Hand aufs Herz - isst Du wirklich nur dann, wenn Du Hunger hast? Oder übernimmt das Essen oft die Funktion, Dich zu beruhigen, Dir ein schönes Gefühl zu geben, Dich zu trösten? Wenn Du Dir klar machst, wonach Du in solchen Momenten wirklich hungerst und wie Du diesen seelischen Hunger stillen kannst, wirst du nicht mehr so einfach in diese „Ersatzhandlung“ verfallen. Wie das geht, das erfährst Du hier.

 

Hunger ist nicht gleich Hunger

Seelischer Hunger und körperlicher Hunger sind zwei völlig unterschiedliche Dinge – doch beide führen dazu, dass Du Nahrung zu Dir nimmst, im ersten Fall meist mehr als dein Körper eigentlich braucht. Denn bei seelischem, emotionalem Hunger wird das Essen als Ersatz für Zuwendung, Liebe oder Anerkennung zum „Seelentröster“. Beim physischen Hunger, also dem echten Hungergefühl, sagt Dir Dein Körper hingegen, dass er Nährstoffe braucht, um zu funktionieren, um den Stoffwechsel in Gang zu halten und um Leistung bringen zu können.

In der heutigen schnelllebigen Zeit haben wir jedoch verlernt, auf dieses echte Hungergefühl zu hören und vor allem zu erkennen, welche Nahrungsmittel und Nährstoffe unser Körper braucht. Durch fettige, salzige oder süße Speisen betäuben wir unser intuitives Hungergefühl und verlieren ganz das Gefühl dafür, was unsere Körper eigentlich benötigt, um gesund und aktiv zu sein.

Seelischer Hunger

In der Arbeit ist gerade Stress? Zum Glück liegt noch ein Schokoriegel in der Schublade. Keine Zeit für eine Mittagspause? Dann schnell zum nächsten Fast-Food-Laden.
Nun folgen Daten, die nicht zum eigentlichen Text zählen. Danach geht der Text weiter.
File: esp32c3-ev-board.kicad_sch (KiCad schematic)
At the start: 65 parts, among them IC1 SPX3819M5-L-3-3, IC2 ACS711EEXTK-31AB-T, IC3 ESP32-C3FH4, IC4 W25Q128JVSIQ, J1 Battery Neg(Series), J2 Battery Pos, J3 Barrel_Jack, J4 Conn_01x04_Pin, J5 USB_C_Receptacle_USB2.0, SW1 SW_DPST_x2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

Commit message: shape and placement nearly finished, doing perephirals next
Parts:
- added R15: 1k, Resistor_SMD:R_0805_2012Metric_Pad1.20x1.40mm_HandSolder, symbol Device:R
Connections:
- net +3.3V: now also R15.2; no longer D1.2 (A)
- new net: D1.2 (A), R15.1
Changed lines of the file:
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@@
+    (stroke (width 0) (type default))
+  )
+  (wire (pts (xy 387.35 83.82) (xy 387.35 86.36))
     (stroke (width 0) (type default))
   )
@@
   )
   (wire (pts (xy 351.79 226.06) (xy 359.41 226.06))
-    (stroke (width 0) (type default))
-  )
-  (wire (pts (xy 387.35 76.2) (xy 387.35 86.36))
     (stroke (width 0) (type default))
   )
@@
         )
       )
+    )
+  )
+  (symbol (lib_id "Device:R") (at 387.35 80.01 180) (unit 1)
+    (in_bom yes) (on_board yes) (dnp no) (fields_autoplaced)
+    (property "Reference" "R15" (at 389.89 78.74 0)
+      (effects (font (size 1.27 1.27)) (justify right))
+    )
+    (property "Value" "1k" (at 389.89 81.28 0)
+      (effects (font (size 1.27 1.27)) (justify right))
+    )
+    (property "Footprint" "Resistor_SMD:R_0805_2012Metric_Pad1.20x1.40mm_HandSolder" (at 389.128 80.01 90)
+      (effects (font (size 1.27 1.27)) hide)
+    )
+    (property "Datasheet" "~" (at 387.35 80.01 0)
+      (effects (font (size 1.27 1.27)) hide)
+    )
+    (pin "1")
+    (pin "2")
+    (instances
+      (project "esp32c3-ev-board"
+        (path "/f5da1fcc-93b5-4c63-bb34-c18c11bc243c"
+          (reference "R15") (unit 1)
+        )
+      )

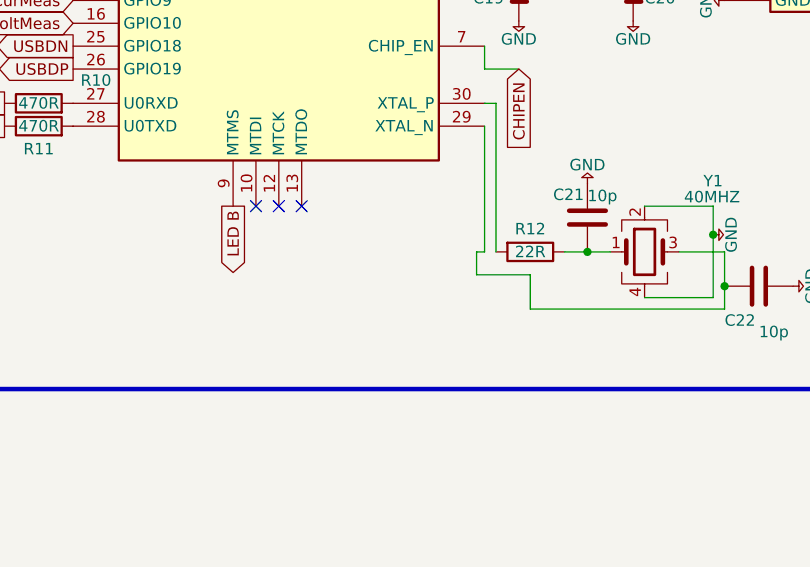
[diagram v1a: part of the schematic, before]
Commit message: almost completed board layout
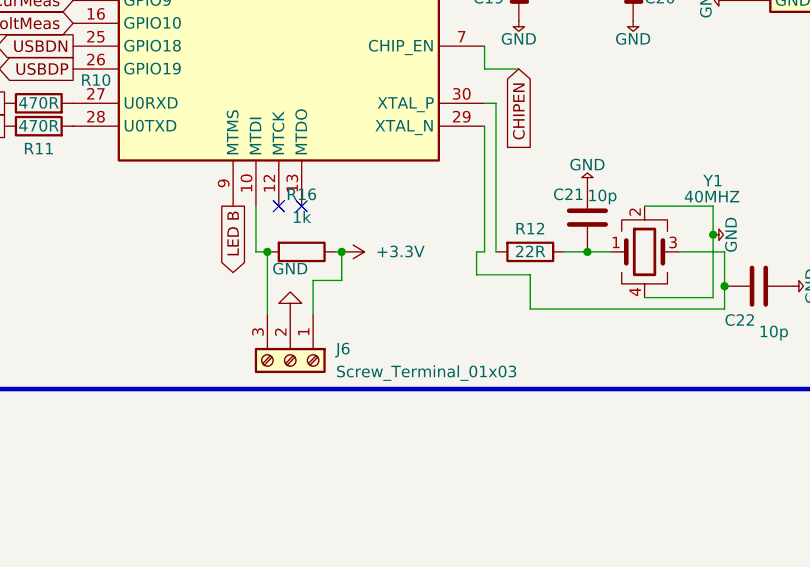
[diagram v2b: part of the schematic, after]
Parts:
- added J6: Screw_Terminal_01x03, Connector_PinSocket_2.54mm:PinSocket_1x03_P2.54mm_Vertical, symbol Connector:Screw_Terminal_01x03
- added R16: 1k, Resistor_SMD:R_0805_2012Metric_Pad1.20x1.40mm_HandSolder, symbol Device:R
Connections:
- net +3.3V: now also J6.1 (Pin_1), R16.1
- net GND: now also J6.2 (Pin_2)
- net at IC3.10 (MTDI): now also J6.3 (Pin_3), R16.2
- no-connect marks 12 -> 11
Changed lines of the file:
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@@
   (junction (at 334.01 76.2) (diameter 0) (color 0 0 0 0)
   )
+  (junction (at 318.135 231.14) (diameter 0) (color 0 0 0 0)
+  )
   (junction (at 151.13 245.11) (diameter 0) (color 0 0 0 0)
   )
@@
   (junction (at 132.08 265.43) (diameter 0) (color 0 0 0 0)
   )
+  (junction (at 309.88 231.14) (diameter 0) (color 0 0 0 0)
+  )
   (junction (at 314.96 83.82) (diameter 0) (color 0 0 0 0)
   )
@@
   )
   (no_connect (at 181.61 91.44))
-  (no_connect (at 313.69 226.06))
   (no_connect (at 181.61 86.36))
   (no_connect (at 151.13 237.49))
+  (no_connect (at 313.69 226.06))
   (no_connect (at 288.29 187.96))
   (no_connect (at 181.61 88.9))
   (no_connect (at 173.99 227.33))
   (no_connect (at 151.13 234.95))
-  (no_connect (at 308.61 226.06))
   (no_connect (at 288.29 185.42))
   (no_connect (at 181.61 83.82))
@@
     (stroke (width 0) (type default))
   )
+  (wire (pts (xy 314.96 234.315) (xy 318.135 234.315))
+    (stroke (width 0) (type default))
+  )
   (wire (pts (xy 334.01 231.14) (xy 334.01 217.17))
     (stroke (width 0) (type default))
@@
     (stroke (width 0) (type default))
   )
+  (wire (pts (xy 314.96 238.125) (xy 314.96 234.315))
+    (stroke (width 0) (type default))
+  )
   (wire (pts (xy 360.68 231.14) (xy 360.68 234.95))
     (stroke (width 0) (type default))
@@
     (stroke (width 0) (type default))
   )
+  (wire (pts (xy 317.5 231.14) (xy 318.135 231.14))
+    (stroke (width 0) (type default))
+  )
   (wire (pts (xy 152.4 88.9) (xy 153.67 88.9))
     (stroke (width 0) (type default))
   )
+  (wire (pts (xy 308.61 231.14) (xy 308.61 226.06))
+    (stroke (width 0) (type default))
+  )
   (wire (pts (xy 166.37 66.04) (xy 166.37 68.58))
     (stroke (width 0) (type default))
@@
     (stroke (width 0) (type default))
   )
+  (wire (pts (xy 309.88 238.125) (xy 309.88 231.14))
+    (stroke (width 0) (type default))
+  )
   (wire (pts (xy 334.01 190.5) (xy 360.68 190.5))
     (stroke (width 0) (type default))
@@
     (stroke (width 0) (type default))
   )
+  (wire (pts (xy 309.88 231.14) (xy 308.61 231.14))
+    (stroke (width 0) (type default))
+  )
   (wire (pts (xy 157.48 66.04) (xy 166.37 66.04))
     (stroke (width 0) (type default))
@@
   )
   (wire (pts (xy 162.56 71.12) (xy 163.83 71.12))
+    (stroke (width 0) (type default))
+  )
+  (wire (pts (xy 318.135 234.315) (xy 318.135 231.14))
     (stroke (width 0) (type default))
   )
@@
     )
   )
+  (symbol (lib_id "power:GND") (at 312.42 238.125 180) (unit 1)
+    (in_bom yes) (on_board yes) (dnp no) (fields_autoplaced)
+    (property "Reference" "#PWR037" (at 312.42 231.775 0)
+      (effects (font (size 1.27 1.27)) hide)
+    )
+    (property "Value" "GND" (at 312.42 233.045 0)
+      (effects (font (size 1.27 1.27)))
+    )
+    (property "Footprint" "" (at 312.42 238.125 0)
+      (effects (font (size 1.27 1.27)) hide)
+    )
+    (property "Datasheet" "" (at 312.42 238.125 0)
+      (effects (font (size 1.27 1.27)) hide)
+    )
+    (pin "1")
+    (instances
+      (project "esp32c3-ev-board"
+        (path "/f5da1fcc-93b5-4c63-bb34-c18c11bc243c"
+          (reference "#PWR037") (unit 1)
+        )
+      )
+    )
+  )
   (symbol (lib_id "power:+3.3V") (at 55.88 184.15 0) (unit 1)
     (in_bom yes) (on_board yes) (dnp no) (fields_autoplaced)
@@
         (path "/f5da1fcc-93b5-4c63-bb34-c18c11bc243c"
           (reference "J1") (unit 1)
+        )
+      )
+    )
+  )
+  (symbol (lib_id "Device:R") (at 313.69 231.14 270) (unit 1)
+    (in_bom yes) (on_board yes) (dnp no) (fields_autoplaced)
+    (property "Reference" "R16" (at 313.69 224.79 90)
+      (effects (font (size 1.27 1.27)))
+    )
+    (property "Value" "1k" (at 313.69 227.33 90)
+      (effects (font (size 1.27 1.27)))
+    )
+    (property "Footprint" "Resistor_SMD:R_0805_2012Metric_Pad1.20x1.40mm_HandSolder" (at 313.69 229.362 90)
+      (effects (font (size 1.27 1.27)) hide)
+    )
+    (property "Datasheet" "~" (at 313.69 231.14 0)
+      (effects (font (size 1.27 1.27)) hide)
+    )
+    (pin "1")
+    (pin "2")
+    (instances
+      (project "esp32c3-ev-board"
+        (path "/f5da1fcc-93b5-4c63-bb34-c18c11bc243c"
+          (reference "R16") (unit 1)
         )
       )
@@
     )
   )
+  (symbol (lib_id "Connector:Screw_Terminal_01x03") (at 312.42 243.205 270) (unit 1)
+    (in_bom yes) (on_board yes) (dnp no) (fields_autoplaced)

Du bist traurig, weil Dich Deine Partnerschaft oder Dein Leben tagaus tagein nicht wirklich erfüllen und immer etwas fehlt? Auch dann spenden Süßigkeiten vermeintlichen Trost. Die innere Leere, die sich in Dir ausbreitet, füllst Du einfach immer wieder mit Essen, obwohl Dein Körper eigentlich schon mit Nährstoffen gesättigt ist.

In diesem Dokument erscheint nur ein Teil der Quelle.